Federal Minister for Information and Postal Service (caretaker)
- In office 2 April 2013 – 7 June 2013
- President: Asif Ali Zardari
- Prime Minister: Mir Hazar Khan Khoso (caretaker)

Personal details
- Born: 14 October 1948 Punjab, Pakistan
- Died: 21 July 2021 (aged 72) Lahore, Punjab, Pakistan
- Parent: Hameed Nizami (father);

= Arif Nizami =

Pakistani journalist (1948–2021)

Arif Nizami (Punjabi, ; 14 October 1948 – 21 July 2021) was a Pakistani journalist and caretaker federal minister who was the founder of the Pakistan Today.

Previously, he had been an editor of The Nation and had served as Minister of Information and Postal Service in the Khoso caretaker ministry.

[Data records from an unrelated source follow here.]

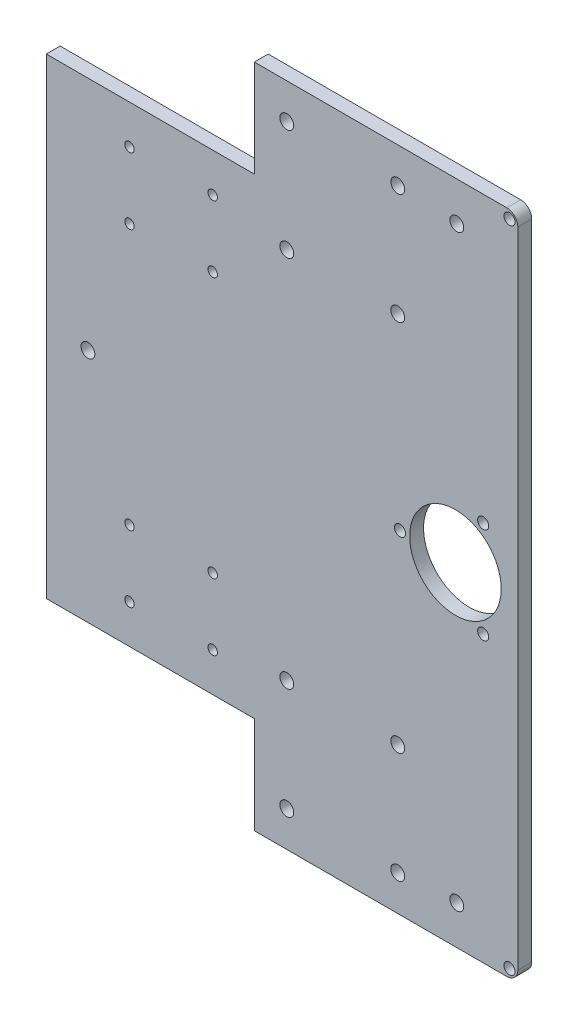
from build123d import *

# Parameters (mm, degrees)
SKETCH1_W           = 170
SKETCH1_H           = 240
BOSS_EXTRUDE1_DEPTH = 5
SKETCH2_R           = 16.5
CUT_EXTRUDE1_DEPTH  = 148.139389696
SKETCH3_R           = 2
CUT_EXTRUDE2_DEPTH  = 148.139389696
SKETCH4_R           = 1.7
CUT_EXTRUDE3_DEPTH  = 148.139389696
SKETCH5_W           = 75
SKETCH5_H           = 35
CUT_EXTRUDE4_DEPTH  = 148.139389696
FILLET1_R           = 4
SKETCH6_R           = 2.000000001
CUT_EXTRUDE5_DEPTH  = 148.139389696
FILLET2_R           = 4
SKETCH7_R           = 2.5
CUT_EXTRUDE6_DEPTH  = 148.139389696
SKETCH8_R           = 2.5
CUT_EXTRUDE7_DEPTH  = 148.139389696


with BuildPart() as part:
    # Sketch1 → Boss-Extrude1 (new body)
    with BuildSketch(Plane.XY):
        Rectangle(SKETCH1_W, SKETCH1_H)
    extrude(amount=BOSS_EXTRUDE1_DEPTH)

    # Sketch2 → Cut-Extrude1 (cut, through all)
    with BuildSketch(Plane.XY.offset(5)):
        with Locations((62.5, 0)):
            Circle(SKETCH2_R)
    extrude(amount=-CUT_EXTRUDE1_DEPTH, mode=Mode.SUBTRACT)

    # Sketch3 → Cut-Extrude2 (cut, through all)
    with BuildSketch(Plane.XY.offset(5)):
        with Locations((72.5, -17.320508076)):
            Circle(SKETCH3_R)
        with Locations((72.5, 17.320508076)):
            Circle(SKETCH3_R)
        with Locations((42.5, 0)):
            Circle(SKETCH3_R)
    extrude(amount=-CUT_EXTRUDE2_DEPTH, mode=Mode.SUBTRACT)

    # Sketch4 → Cut-Extrude3 (cut, through all)
    with BuildSketch(Plane.XY.offset(5)):
        with Locations((-25, 47)):
            Circle(SKETCH4_R)
        with Locations((-25, 71)):
            Circle(SKETCH4_R)
        with Locations((-55, 47)):
            Circle(SKETCH4_R)
        with Locations((-55, 71)):
            Circle(SKETCH4_R)
        with Locations(Location((-55, -71, 0), (0, 0, 180))):
            Circle(SKETCH4_R)
        with Locations(Location((-25, -71, 0), (0, 0, 180))):
            Circle(SKETCH4_R)
        with Locations(Location((-55, -47, 0), (0, 0, 180))):
            Circle(SKETCH4_R)
        with Locations(Location((-25, -47, 0), (0, 0, 180))):
            Circle(SKETCH4_R)
    extrude(amount=-CUT_EXTRUDE3_DEPTH, mode=Mode.SUBTRACT)

    # Sketch5 → Cut-Extrude4 (cut, through all)
    with BuildSketch(Plane.XY.offset(5)):
        with Locations((-47.5, 102.5)):
            Rectangle(SKETCH5_W, SKETCH5_H)
        with Locations((-47.5, -102.5)):
            Rectangle(SKETCH5_W, SKETCH5_H)
    extrude(amount=-CUT_EXTRUDE4_DEPTH, mode=Mode.SUBTRACT)

    # Fillet1
    fillet1_edges = [part.edges().sort_by_distance(p)[0] for p in [
        (85, -120, 2.5),
    ]]
    fillet(fillet1_edges, radius=FILLET1_R)

    # Sketch6 → Cut-Extrude5 (cut, through all)
    with BuildSketch(Plane.XY.offset(5)):
        with Locations((81.999999999, -117)):
            Circle(SKETCH6_R)
    cut_extrude5 = extrude(amount=-CUT_EXTRUDE5_DEPTH, mode=Mode.SUBTRACT)

    # Mirror5: Cut-Extrude5 across plane
    add(cut_extrude5.mirror(Plane.ZX), mode=Mode.SUBTRACT)

    # Fillet2
    fillet2_edges = [part.edges().sort_by_distance(p)[0] for p in [
        (85, 120, 2.5),
    ]]
    fillet(fillet2_edges, radius=FILLET2_R)

    # Sketch7 → Cut-Extrude6 (cut, through all)
    with BuildSketch(Plane.XY.offset(5)):
        with Locations((41.7, 107.25)):
            Circle(SKETCH7_R)
        with Locations((41.7, 67.25)):
            Circle(SKETCH7_R)
        with Locations((1.7, 67.25)):
            Circle(SKETCH7_R)
        with Locations((1.7, 107.25)):
            Circle(SKETCH7_R)
        with Locations((41.7, -107.25)):
            Circle(SKETCH7_R)
        with Locations((1.7, -107.25)):
            Circle(SKETCH7_R)
        with Locations((1.7, -67.25)):
            Circle(SKETCH7_R)
        with Locations((41.7, -67.25)):
            Circle(SKETCH7_R)
    extrude(amount=-CUT_EXTRUDE6_DEPTH, mode=Mode.SUBTRACT)

    # Sketch8 → Cut-Extrude7 (cut, through all)
    with BuildSketch(Plane(origin=(0, 0, 0), x_dir=(-1, 0, 0), z_dir=(0, 0, -1))):
        with Locations((-63, 106)):
            Circle(SKETCH8_R)
        with Locations((-63, -106)):
            Circle(SKETCH8_R)
        with Locations((70, 0)):
            Circle(SKETCH8_R)
    extrude(amount=-CUT_EXTRUDE7_DEPTH, mode=Mode.SUBTRACT)


solid = part.part

In March 2023, he was posthumously awarded the Hilal-i-Imtiaz by the President of Pakistan for his contribution to the field of journalism.

==Early life==
Arif Nizami was born in 1948 grown up in Lahore to a legendary journalist Hameed Nizami.

==Career==
Arif left The Nation and Nawa-i-Waqt in 2009 due to personal disagreements with his uncle, the late Majid Nizami who was the managing director and Chief Executive at the family-owned newspapers at that time, whereas Arif Nizami was a part-owner and a director of the company.

In 2010, he founded Pakistan Today newspaper and served as editor of the newspaper.

In 2013, he was made caretaker federal minister for Information and Postal Service.

In 2015, Arif Nizami became CEO of Channel 24. He was also the host of a political talk show "Debate News Analysis". Arif Nizami is also known for previously hosting a current affairs show on Samaa TV. He was also a guest in 92 News Talk Show program "Ho Kya Raha Hai".

== Death ==
Arif Nizami died on Wednesday 21 July 2021 at the age of 72. Arif Nizami had suffered from a heart attack around 1 July and was admitted to a private hospital in Lahore.